L'un des arguments avancés pour apaiser les craintes qui étaient apparues à la suite de certaines simulations, et des déclarations qui en avaient résulté, étaient que ces travaux avaient été menés en transposant les moteurs 2026 aux voitures de la génération actuelle, alors même que leurs caractéristiques n'étaient pas étudiées pour s'adapter à la future unité de puissance.

Un discours structurel de la réflexion sur la réglementation 2026 mais qui peine toujours à convaincre Waché : "Pour moi, cela n'a pas de sens d'avoir un moteur qui n'est pas capable de fonctionner avec la voiture actuelle."
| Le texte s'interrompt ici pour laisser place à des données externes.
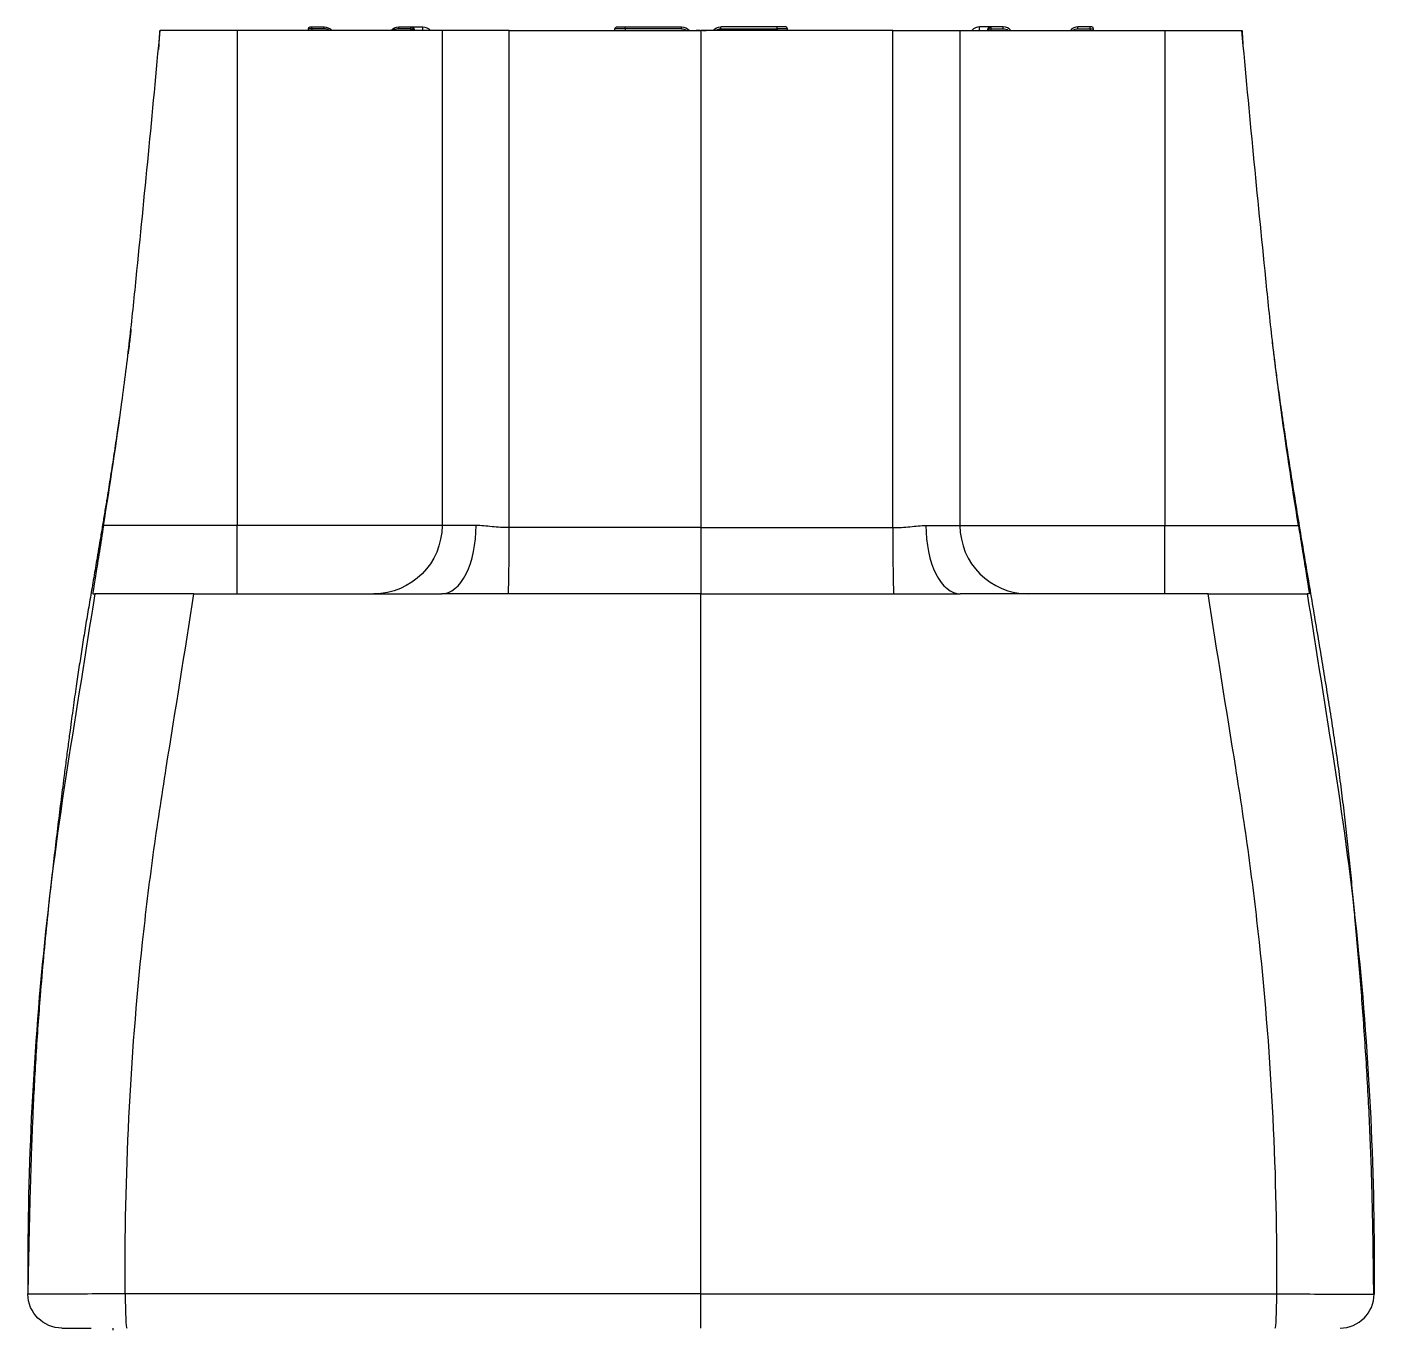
# Model space of a CAD drawing. Header units: millimetres. Extents: x -8699 to 14519, y -2727 to 7848.
# Drawn here: x -7614.5 to -7219.8, y 7466.6 to 7847.6 of the extents above; entities that cross this region are included whole.
import ezdxf

# ---------------------------------------------------------------- set-up
doc = ezdxf.new("R2010")
doc.units = ezdxf.units.MM
doc.layers.add('1', color=7, linetype='Continuous', true_color=0xffffff)

msp = doc.modelspace()

# ---------------------------------------------------------------- linework, layer by layer
at = {"layer": '1', "color": 7, "linetype": 'Continuous'}
for p, q in [((-7531.6, 7847.55), (-7531.1, 7847.55)), ((-7531.1, 7847.55), (-7527.53, 7847.55)), ((-7505.65, 7847.55), (-7502.1, 7847.55)), ((-7502.1, 7847.55), (-7498.62, 7847.55)), ((-7441.85, 7847.55), (-7439.35, 7847.55)), ((-7439.35, 7847.55), (-7422.82, 7847.55)), ((-7394.84, 7847.55), (-7411.37, 7847.55)), ((-7392.34, 7847.55), (-7394.84, 7847.55)), ((-7332.2, 7847.55), (-7335.57, 7847.55)), ((-7328.64, 7847.55), (-7332.2, 7847.55)), ((-7303.2, 7847.55), (-7306.76, 7847.55)), ((-7302.7, 7847.55), (-7303.2, 7847.55)), ((-7552.97, 7846.55), (-7575.52, 7846.55)), ((-7492.97, 7846.55), (-7552.97, 7846.55)), ((-7532.1, 7846.55), (-7532.1, 7847.05)), ((-7448.45, 7846.55), (-7442.35, 7846.55)), ((-7442.35, 7846.55), (-7442.35, 7847.05)), ((-7420.59, 7846.55), (-7417.86, 7846.55)), ((-7417.46, 7846.55), (-7418.6, 7846.55)), ((-7416.68, 7846.55), (-7415.6, 7846.55)), ((-7413.6, 7846.55), (-7416.49, 7846.55)), ((-7391.84, 7846.55), (-7391.84, 7847.05)), ((-7385.74, 7846.55), (-7391.84, 7846.55)), ((-7341.32, 7846.55), (-7281.32, 7846.55)), ((-7302.2, 7846.55), (-7302.2, 7847.05)), ((-7281.32, 7846.55), (-7258.77, 7846.55)), ((-7604.26, 7466.55), (-7595.74, 7466.55))]:
    msp.add_line(p, q, dxfattribs=at)
at = {"layer": '1', "color": 8, "linetype": 'Continuous'}
for p, q in [((-7531.1, 7847.05), (-7531.1, 7847.55)), ((-7527.53, 7847.05), (-7527.53, 7847.55)), ((-7505.65, 7847.05), (-7505.65, 7847.55)), ((-7502.1, 7847.05), (-7502.1, 7847.55)), ((-7498.62, 7846.55), (-7498.62, 7847.55)), ((-7439.35, 7847.01), (-7439.35, 7847.55)), ((-7422.82, 7847.01), (-7422.82, 7847.55)), ((-7411.37, 7847.01), (-7411.37, 7847.55)), ((-7394.84, 7847.01), (-7394.84, 7847.55)), ((-7335.57, 7846.55), (-7335.57, 7847.55)), ((-7332.2, 7847.05), (-7332.2, 7847.55)), ((-7328.64, 7847.05), (-7328.64, 7847.55)), ((-7306.76, 7847.05), (-7306.76, 7847.55)), ((-7303.2, 7847.05), (-7303.2, 7847.55)), ((-7552.97, 7846.55), (-7552.97, 7701.55)), ((-7531.1, 7847.05), (-7532.1, 7847.05)), ((-7531.1, 7847.05), (-7531.1, 7846.55)), ((-7527.53, 7847.05), (-7531.1, 7847.05)), ((-7502.1, 7847.05), (-7505.65, 7847.05)), ((-7502.1, 7846.55), (-7502.1, 7847.05)), ((-7439.35, 7847.01), (-7439.35, 7846.55)), ((-7422.82, 7847.01), (-7439.35, 7847.01)), ((-7411.37, 7847.01), (-7394.84, 7847.01)), ((-7394.84, 7847.01), (-7394.84, 7846.55)), ((-7332.2, 7846.55), (-7332.2, 7847.05)), ((-7332.2, 7847.05), (-7328.64, 7847.05)), ((-7306.76, 7847.05), (-7303.2, 7847.05)), ((-7303.2, 7847.05), (-7303.2, 7846.55)), ((-7303.2, 7847.05), (-7302.2, 7847.05)), ((-7281.32, 7846.55), (-7281.32, 7701.55)), ((-7552.97, 7701.55), (-7592.1, 7701.55)), ((-7552.97, 7681.55), (-7552.97, 7701.55)), ((-7492.97, 7701.55), (-7552.97, 7701.55)), ((-7341.32, 7701.55), (-7281.32, 7701.55)), ((-7281.32, 7681.55), (-7281.32, 7701.55)), ((-7281.32, 7701.55), (-7242.2, 7701.55)), ((-7614.26, 7476.48), (-7614.26, 7476.48))]:
    msp.add_line(p, q, dxfattribs=at)
at = {"layer": '1', "color": 7, "linetype": 'Continuous', "extrusion": (0, 0, -1)}
for centre, radius, start, end in [((7531.6, 7847.05), 0.5, 0, 90), ((7527.53, 7844.55), 3, 90, 138.1885), ((7505.65, 7844.55), 3, 41.8115, 90), ((7502.1, 7846.55), 1, 90, 180), ((7498.62, 7844.55), 3, 90, 138.1894), ((7441.85, 7847.05), 0.5, 0, 90), ((7422.82, 7844.55), 3, 90, 137.6508), ((7411.37, 7844.55), 3, 41.8106, 90), ((7332.2, 7846.55), 1, 0, 90), ((7512.97, 7701.55), 20, 180, 270), ((7604.26, 7476.55), 10, 270, 359.58)]:
    msp.add_arc(centre, radius, start, end, dxfattribs=at)
at = {"layer": '1', "color": 7, "linetype": 'Continuous'}
for centre, radius, start, end in [((-7392.34, 7847.05), 0.5, 0, 90), ((-7335.57, 7844.55), 3, 90, 138.1894), ((-7328.64, 7844.55), 3, 41.8115, 90), ((-7306.76, 7844.55), 3, 90, 138.1885), ((-7302.7, 7847.05), 0.5, 0, 90), ((-7321.32, 7701.55), 20, 180, 270), ((-7230.03, 7476.55), 10, 270, 359.58)]:
    msp.add_arc(centre, radius, start, end, dxfattribs=at)
at = {"layer": '1', "color": 8, "linetype": 'Continuous'}
for centre, start, end in [((-7527.53, 7844.55), 53.1297, 90), ((-7505.65, 7844.55), 90, 126.8703)]:
    msp.add_arc(centre, 2.5, start, end, dxfattribs=at)
at = {"layer": '1', "color": 8, "linetype": 'Continuous', "extrusion": (0, 0, -1)}
for centre, start, end in [((7422.82, 7844.51), 90, 121.0388), ((7411.37, 7844.51), 58.9612, 90), ((7328.64, 7844.55), 90, 126.8703), ((7306.76, 7844.55), 53.1297, 90)]:
    msp.add_arc(centre, 2.5, start, end, dxfattribs=at)
for centre, major_axis, ratio, start_param, end_param in [((-7502.1, 7846.55), (1, 0), 0.5, 4.712389, 6.283185), ((-7439.35, 7847.05), (3, 0), 0.014526, 1.570796, 3.141593), ((-7394.84, 7847.05), (3, 0), 0.014526, 0, 1.570796), ((-7332.2, 7846.55), (1, 0), 0.5, 3.141593, 4.712389)]:
    msp.add_ellipse(centre, major_axis=major_axis, ratio=ratio, start_param=start_param, end_param=end_param, dxfattribs=at)
at = {"layer": '1', "color": 8, "linetype": 'Continuous'}
for centre, major_axis, ratio, start_param, end_param in [((-7493.02, 7701.55), (0, -20), 0.501442, 0, 1.571228), ((-7341.27, 7701.55), (0, -20), 0.501442, 4.711957, 6.283185), ((-7473.63, 7700.92), (0, -20), 0.016532, 0.253179, 1.571295), ((-7360.66, 7700.92), (0, -20), 0.016532, 4.71189, 6.030006), ((-7585.25, 7476.55), (0, -10), 0.049358, 4.712887, 6.283185), ((-7249.04, 7476.55), (0, -10), 0.049358, 0, 1.570299)]:
    msp.add_ellipse(centre, major_axis=major_axis, ratio=ratio, start_param=start_param, end_param=end_param, dxfattribs=at)
at = {"layer": '1', "color": 7, "linetype": 'Continuous'}
for points, knots in [([(-7592.1, 7701.55), (-7590.18, 7713.57), (-7588.35, 7725.61), (-7585.91, 7743.7), (-7585.15, 7749.73), (-7583.75, 7761.81), (-7583.14, 7767.86), (-7580.09, 7798.11), (-7577.75, 7822.33), (-7575.52, 7846.55)], [0, 0, 0, 0, 0.25, 0.25, 0.375, 0.375, 0.5, 0.5, 1, 1, 1, 1]), ([(-7575.69, 7846.55), (-7575.72, 7846.02), (-7575.81, 7844.2), (-7575.92, 7842.36), (-7576.03, 7841.04), (-7576.03, 7840.98)], [0, 0, 0, 0, 0.28065, 0.966786, 1, 1, 1, 1]), ([(-7492.97, 7846.55), (-7492.97, 7816.56), (-7492.97, 7786.56), (-7492.97, 7738.23), (-7492.97, 7719.89), (-7492.97, 7701.55)], [0, 0, 0, 0, 0.620571, 0.620571, 1, 1, 1, 1]), ([(-7473.3, 7846.55), (-7475.91, 7846.55), (-7478.47, 7846.55), (-7483.23, 7846.55), (-7485.41, 7846.55), (-7490.84, 7846.55), (-7492.97, 7846.55), (-7492.97, 7846.55)], [0, 0, 0, 0, 0.25, 0.25, 0.5, 0.5, 1, 1, 1, 1]), ([(-7360.99, 7846.55), (-7358.38, 7846.55), (-7355.83, 7846.55), (-7351.06, 7846.55), (-7348.88, 7846.55), (-7343.45, 7846.55), (-7341.32, 7846.55), (-7341.32, 7846.55)], [0, 0, 0, 0, 0.25, 0.25, 0.5, 0.5, 1, 1, 1, 1]), ([(-7341.32, 7846.55), (-7341.32, 7816.56), (-7341.32, 7786.56), (-7341.32, 7738.23), (-7341.32, 7719.89), (-7341.32, 7701.55)], [0, 0, 0, 0, 0.620571, 0.620571, 1, 1, 1, 1]), ([(-7242.2, 7701.55), (-7244.11, 7713.57), (-7245.94, 7725.61), (-7248.38, 7743.7), (-7249.14, 7749.73), (-7250.54, 7761.81), (-7251.15, 7767.86), (-7254.2, 7798.11), (-7256.55, 7822.33), (-7258.77, 7846.55)], [0, 0, 0, 0, 0.25, 0.25, 0.375, 0.375, 0.5, 0.5, 1, 1, 1, 1]), ([(-7258.26, 7840.98), (-7258.26, 7841.04), (-7258.37, 7842.36), (-7258.48, 7844.2), (-7258.58, 7846.02), (-7258.6, 7846.55)], [0, 0, 0, 0, 0.033214, 0.71935, 1, 1, 1, 1]), ([(-7584.05, 7759.07), (-7584.05, 7759.07), (-7584.06, 7758.97), (-7584.12, 7758.41), (-7584.26, 7757.22), (-7584.47, 7755.47), (-7584.7, 7753.54), (-7584.87, 7752.18), (-7584.91, 7751.84)], [0, 0, 0, 0, 0.185548, 0.41895, 0.617918, 0.795302, 0.9521, 1, 1, 1, 1]), ([(-7220.16, 7476.62), (-7220.16, 7477.33), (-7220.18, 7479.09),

Il faut rappeler que si le travail sur 2026 a été mené dans cet ordre, avec une réglementation moteur actée avant la réglementation châssis, c'est parce que les instances de la discipline ont d'abord tenté d'attirer des constructeurs automobiles dans la discipline via une simplification et une électrification plus importante de la motorisation. Une ambition qui a plutôt été couronnée de succès puisqu'Audi a décidé de se lancer et qu'Honda a finalement choisi de ne pas stopper son implication ; il faut toutefois souligner que Renault, qui s'était initialement engagé, ne participera finalement pas à l'aventure de ce nouveau moteur, même si les raisons sont plus économiques que philosophiques.

"Je continue de penser que [travailler sur la règlementation comme un package entier] pourrait donner du spectacle mais, à un moment donné, ce n'est plus mon travail d'améliorer le système", a ajouté Waché. "Je suis payé par l'équipe avec laquelle je travaille et je m'y consacre entièrement. Je dois faire le meilleur travail possible et m'assurer que les gens peuvent faire le meilleur travail au sein de l'équipe, et au final produire la meilleure voiture. C'est la seule chose pour laquelle je suis payé."